What causes Autism?
This is a question often asked as the prevalence of autism, a life-long neurodevelopmental disorder with a pervasive impact on social communication and behaviors, has rapidly increased over the last two decades. Once reported to be 3-4 in 10,000 and now estimated to be 1 in 68 individuals in the United States, autism spectrum disorders (ASD) has an enormous impact on families, communities, society as a whole, and public health policies that must address the life-long needs of individuals with ASD.
Despite the rapid rise in the number of cases reported and the significant contribution of genetics to risk for ASD, there is still very little understanding of its causes and life-long progression as well as the many factors, both physiological and environmental, that may increase risk for ASD. Currently, there are neither validated biomarkers for diagnostic screening nor pharmacologic therapies specific for the core symptoms of ASD, specifically deficits in social interactions/communication and abnormal or maladaptive behaviors.
Yet, progress is being made in identifying genes, metabolic pathways, and cellular/tissue functions disrupted by autism, and there is evidence that targeted treatment of some of the genetically-defined conditions or dysfunctional pathways has led to improved outcomes for subgroups of individuals with ASD.

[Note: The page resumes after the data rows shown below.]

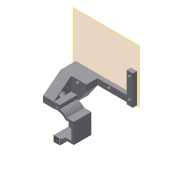
# Autodesk Inventor part: cellSTORM_v5_focusmotormount
Saved by Autodesk Inventor 2019 (Build 230136000, 136)
## iProperties
Created: 2020-05-04
Part Number: cellSTORM_v5_focusmotormount
Material: Generic
Document SubType Name: Modeling
Designer: diederichbenedict
Density: 1 g/cm^3
Appearance: Default
Author: diederichbenedict
Autodesk Inventor part; units mm, degrees
ref_plane "YZ Plane" through (0, 0, 0) normal (1, 0, 0) x (0, 1, 0)
ref_plane "XZ Plane" through (0, 0, 0) normal (0, 1, 0) x (-1, 0, 0)
ref_plane "XY Plane" through (0, 0, 0) normal (0, 0, 1) x (1, 0, 0)
ref_plane "Work Plane1" through (0, 0, 0) normal (0, 0, 1) x (1, 0, 0)
sketch "Sketch1" plane through (0, 0, 0) normal (0, 0, 1) x (1, 0, 0)
  line L0 (-45, 22) -> (22, 22) projected
  line L1 (22, 22) -> (22, -22) projected
  line L2 (22, -22) -> (-45, -22) projected
  line L3 (-45, -28) -> (-45, -22) projected
  line L4 (-30, -28) -> (-45, -28) projected
  line L5 (-30, -28) -> (-28, -30) projected
  line L6 (-28, -30) -> (28, -30) projected
  line L7 (28, -30) -> (30, -28) projected
  line L8 (30, -28) -> (30, 28) projected
  line L9 (30, 28) -> (28, 30) projected
  line L10 (28, 30) -> (-28, 30) projected
  line L11 (-28, 30) -> (-30, 28) projected
  line L12 (-30, 28) -> (-45, 28) projected
  line L13 (-45, 22) -> (-45, 28) projected
  circle A0 centre (25, 25) radius 1.95 projected
  circle A1 centre (25, 0) radius 1.95 projected
  circle A2 centre (0, 25) radius 1.95 projected
  circle A3 centre (-25, -25) radius 1.95 projected
  circle A4 centre (25, -25) radius 1.95 projected
  circle A5 centre (-25, 25) radius 1.95 projected
  circle A6 centre (0, -25) radius 1.95 projected
  line L14 (30, 4.1832) -> (22.5, 4.1832)
  line L15 (22.5, 4.1832) -> (22.5, -32.3594)
  line L16 (22.5, -32.3594) -> (30, -32.3594)
  line L17 (30, -32.3594) -> (30, 4.1832)
  line L18 (22.5, -22.5) -> (-45, -22.5)
  line L19 (-45, -22.5) -> (-45, -30)
  line L20 (-45, -30) -> (22.5, -30)
  line L21 (22.5, -30) -> (22.5, -22.5)
  circle A7 centre (25, 0) radius 2.15
  circle A8 centre (25, -25) radius 2.15
  circle A9 centre (0, -25) radius 2.15
  circle A10 centre (-25, -25) radius 2.15
  point P0 (0, 0)
  dimension "d0" = 0
  dimension "d1" = 0.5
  dimension "d2" = 0.5
  dimension "d3" = 0.2
  dimension "d4" = 0.2
  dimension "d5" = 0.2
  dimension "d6" = 0.2
  constraints: 16 end point, 4 centre point, 4 parallel, 3 point on line, 2 horizontal, 2 perpendicular
  measures "d0" distance between parallel lines of L8 L17
  measures "d1" distance between parallel lines of L1 L15
  measures "d2" distance between parallel lines of L2 L18
  measures "d3" radial gap between concentric circles of A1 A7
  measures "d4" radial gap between concentric circles of A4 A8
  measures "d5" radial gap between concentric circles of A6 A9
  measures "d6" radial gap between concentric circles of A3 A10
extrude "Extrusion1" add sketch "Sketch1" along normal blind 5 contours L18 L15 L6 L5 L4 L3 | L4 L5 L20 L19 | L15 L14 L8 L7 L6 | L6 L7 L17 L16 L15
ref_plane "Work Plane2" through (-32, -78.0277, 40.0715) normal (0, 0, -1) x (0, 1, 0)
sketch "Sketch2" plane through (-32, -78.0277, 40.0715) normal (0, 0, -1) x (0, 1, 0)
  arc A0 (1.8777, 3.5) -> (-2.3223, 3.5) centre (-0.2223, 3.5) ccw projected
  arc A1 (8.5277, 14.4287) -> (3.7223, 7) centre (17.2777, 3.5) ccw projected
  arc A2 (30.8332, 7) -> (26.0277, 14.4287) centre (17.2777, 3.5) ccw projected
  arc A3 (32.6777, 3.5) -> (36.8777, 3.5) centre (34.7777, 3.5) ccw projected
  line L0 (3.7223, 0) -> (-0.2223, 0) projected
  arc A4 (3.2777, 3.5) -> (31.2777, 3.5) centre (17.2777, 3.5) ccw projected
  line L1 (3.2065, 0) -> (-4.2223, 0)
  line L2 (-4.2223, 0) -> (-4.2223, 7.3838)
  line L3 (-4.2223, 7.3838) -> (0.0956, 7.3838)
  line L4 (31.3467, -0.0091) -> (37.7777, -0.0091)
  line L5 (37.7777, -0.0091) -> (38.7777, -0.0091)
  line L6 (38.7777, -0.0091) -> (38.7777, 7.3934)
  line L7 (38.7777, 7.3934) -> (34.4577, 7.3934)
  circle A5 centre (34.7777, 3.5) radius 1.4
  circle A6 centre (-0.2223, 3.5) radius 1.4
  line L8 (8.5277, 22) -> (8.5277, 14.4287)
  line L9 (26.0277, 22) -> (26.0277, 14.4287)
  line L10 (8.0277, 14.6664) -> (5.0277, 14.6664)
  line L11 (5.0277, 14.6664) -> (5.0277, 24.6664)
  line L12 (5.0277, 24.6664) -> (8.0277, 24.6664)
  line L13 (8.0277, 24.6664) -> (8.0277, 14.6664)
  line L14 (26.5277, 14.6664) -> (29.5277, 14.6664)
  line L15 (29.5277, 14.6664) -> (29.5277, 24.6664)
  line L16 (29.5277, 24.6664) -> (26.5277, 24.6664)
  line L17 (26.5277, 24.6664) -> (26.5277, 14.6664)
  line L18 (26.5277, 24.6664) -> (8.0277, 24.6664)
  line L19 (8.0277, 24.6664) -> (8.0277, 21.6664)
  line L20 (8.0277, 21.6664) -> (26.5277, 21.6664)
  line L21 (26.5277, 21.6664) -> (26.5277, 24.6664)
  arc A7 (31.3467, -0.0091) -> (26.5277, 14.6664) centre (17.2777, 3.5) ccw
  arc A8 (8.0277, 14.6664) -> (3.2065, 0) centre (17.2777, 3.5) ccw
  arc A9 (34.4577, 7.3934) -> (29.5277, 16.1589) centre (17.2777, 3.5) ccw
  arc A10 (5.0277, 16.1589) -> (0.0956, 7.3838) centre (17.2777, 3.5) ccw
  point P0 (78.0277, 32)
  dimension "d14" = 2.8
  dimension "d15" = 2.8
  dimension "d16" = 4
  dimension "d17" = 4
  dimension "d33" = 3
  dimension "d34" = 10
  dimension "d35" = 0.5
  dimension "d36" = 3
  dimension "d37" = 3
  dimension "d38" = 10
  constraints: 42 end point, 8 point on circle, 7 perpendicular, 6 centre point, 6 parallel, 5 horizontal, 5 point on line, 4 coincident, 2 vertical, 4 other
  measures "d14" diameter of A5
  measures "d15" diameter of A6
  measures "d16" distance from line of L2 A0.centre
  measures "d17" distance from line of L6 A3.centre
  measures "d33" distance of L11.end L12.end
  measures "d34" distance of L10.end L11.end
  measures "d35" distance between parallel lines of L13 L8
  measures "d36" distance of L16.end L15.end
  measures "d37" distance between parallel lines of L20 L18
  measures "d38" distance between parallel lines of L16 L14
ref_plane "Work Plane3" through (-42.5, -74.75, 21.5715) normal (0, 0, -1) x (0, 1, 0)
extrude "Extrusion2" add sketch "Sketch2" along normal up to surface (18.5 mm away)
sketch "Sketch3" plane through (-24.6066, -39.25, 21.5715) normal (0, 0, -1) x (-1, 0, 0)
  arc A0 (7.4025, -7.431) -> (-7.273, -12.25) centre (3.8934, -21.5) ccw projected
  line L0 (7.4025, 0) -> (7.4025, -7.431) projected
  line L1 (0, 0) -> (7.4025, 0) projected
  line L2 (0, -4.32) -> (0, 0) projected
  arc A1 (0, -4.32) -> (-8.7655, -9.25) centre (3.8934, -21.5) ccw projected
  circle A2 centre (3.8934, -4) radius 1.4 projected
  arc A3 (7.4025, -7.431) -> (-7.273, -12.25) centre (3.8934, -21.5) ccw projected
  line L3 (-17.273, -9.25) -> (-8.7655, -9.25) projected
  line L4 (-14.273, -12.25) -> (-14.273, -30.75) projected
  line L5 (-7.273, -12.25) -> (-14.273, -12.25) projected
  line L6 (-17.273, -33.75) -> (-17.273, -9.25) projected
  line L7 (-8.7655, -33.75) -> (-17.273, -33.75) projected
  arc A4 (-8.7655, -33.75) -> (0.0096, -38.6821) centre (3.8934, -21.5) ccw projected
  line L8 (0.0096, -43) -> (0.0096, -38.6821) projected
  line L9 (7.3934, -43) -> (0.0096, -43) projected
  line L10 (7.3934, -35.5712) -> (7.3934, -43) projected
  arc A5 (-7.273, -30.75) -> (7.3934, -35.5712) centre (3.8934, -21.5) ccw projected
  line L11 (-14.273, -30.75) -> (-7.273, -30.75) projected
  line L12 (7.3934, -35.5712) -> (7.4025, -7.431)
  point P0 (-24.6066, 39.25)
  constraints: 2 end point
extrude "Extrusion3" add sketch "Sketch3" along normal blind 3 contours L12 A5 L11 L4 L5 A0 | A0 L5 L4 L11 A5 L10 L9 L8 A4 L7 L6 L3 A1 L2 L1 L0 | A2
sketch "Sketch4" plane through (0, 0, 5) normal (0, 0, 1) x (1, 0, 0)
  circle A0 centre (25, 0) radius 2.15 projected
  circle A1 centre (25, -25) radius 2.15 projected
  circle A2 centre (-25, -25) radius 2.15 projected
  circle A3 centre (0, -25) radius 2.15 projected
  line L0 (22.5, -22.5) -> (-45, -22.5) projected
  line L1 (-45, -22.5) -> (-45, -30) projected
  line L2 (-45, -30) -> (22.5, -30) projected
  line L3 (22.5, -30) -> (22.5, -32.3594) projected
  line L4 (22.5, -32.3594) -> (30, -32.3594) projected
  line L5 (30, -32.3594) -> (30, 4.1832) projected
  line L6 (30, 4.1832) -> (22.5, 4.1832) projected
  line L7 (22.5, 4.1832) -> (22.5, -22.5) projected
  arc A4 (-25, -47.1946) -> (-32, -47.1946) centre (-28.5, -60.75) ccw projected
  line L8 (-45, -22.5) -> (-45, -30) projected
  arc A5 (-17.3336, -51.5) -> (-32.0091, -46.681) centre (-28.5, -60.75) ccw projected
  line L9 (-45, -22.5) -> (-32.0091, -22.5)
  line L10 (-32.0091, -22.5) -> (-32.0091, -46.681)
  line L11 (-32.0091, -46.681) -> (-45, -46.681)
  line L12 (-45, -46.681) -> (-45, -22.5)
  line L13 (-24.9909, -46.681) -> (-13.3107, -30)
  line L14 (-45, -30) -> (22.5, -30) projected
  line L15 (-24.9909, -46.681) -> (-4.6271, -46.681) construction
  line L16 (-13.3107, -30) -> (-13.3107, -22.5)
  line L17 (22.5, -22.5) -> (-45, -22.5) projected
  point P0 (0, 0)
  point P1 (-32, -74.8212)
  dimension "d20" = 55
  constraints: 14 end point, 2 horizontal, 2 parallel, 2 perpendicular, 2 point on line, 1 equal length, 1 point on circle
  measures "d20" angle of L15 L13
extrude "Extrusion4" add sketch "Sketch4" along normal up to surface (13.5715 mm away) contours L16 L2 L10 L0 | L10 L2 L1 L0 | L13 A5 L10 L2 | L10 L11 L12 L2
sketch "Sketch5" plane through (-45, -30, 0) normal (-1, 0, 0) x (0, 0, 1)
  line L0 (40.0715, -16.681) -> (40.0715, -9.25) projected
  line L1 (40.0715, -9.25) -> (18.5715, -9.25) projected
  line L2 (18.5715, -16.681) -> (18.5715, -9.25) projected
  line L3 (18.5715, -16.681) -> (18.5715, 7.5) projected
  line L4 (40.0715, -16.681) -> (40.0715, -9.25) projected
  line L5 (0, 7.5) -> (18.5715, 7.5) projected
  line L6 (40.0715, -9.25) -> (18.5715, 7.5)
  line L7 (40.0715, -16.681) -> (21.5715, -16.681) projected
  line L8 (21.5715, -16.681) -> (18.5715, -16.681) projected
  point P0 (0, 30)
  constraints: 2 end point
extrude "Extrusion5" add sketch "Sketch5" against normal up to surface (12.9909 mm away)
sketch "Sketch6" plane through (-32.0091, -39.25, 18.5715) normal (1, 0, 0) x (0, 0, -1)
  line L0 (-21.5, 0) -> (0, 0) projected
  line L1 (0, 16.75) -> (0, 0) projected
  line L2 (0, 16.75) -> (-21.5, 0) projected
  circle A0 centre (-10.75, 3.0956) radius 1.4
  point P0 (18.5715, 39.25)
  dimension "d25" = 2.8
  constraints: 1 centre point
  measures "d25" diameter of A0
hole "Hole1" at (-32.0091, -36.1544, 29.3215) direction (-1, 0, 0) diameter 2.8 depth 20 tip angle 118 counterbore diameter 7.5 counterbore depth 4.775
body "Solid1"

In this book, experts review cutting-edge research in multiple areas of study, and moreover provide their perspectives on future studies that are needed to move the field forward, citing the challenges involved as well as predicted translational (practical) outcomes of such research.
In her latest book "Frontiers in Autism Research: New Horizons for Diagnosis and Treatment" published by World Scientific, author Valerie Hu focuses on emerging and expanding areas of research on ASD and their potential to lead to better diagnosis and more effective therapies. These areas include innovative, integrative approaches to genetic/genomic analyses and investigations of epigenetic contributions, including the role of noncoding RNAs, DNA methylation, alternative splicing, RNA editing, and faulty translation in gene regulation, dysregulation of metabolic and immune functions, co-occurring disorders, and hormonal and gene-environment interactions that may increase risk for ASD. These unique forward-looking features are designed to provide focus and "food for thought" for future studies on autism, while executive summaries succinctly highlight the major take-home messages of each chapter.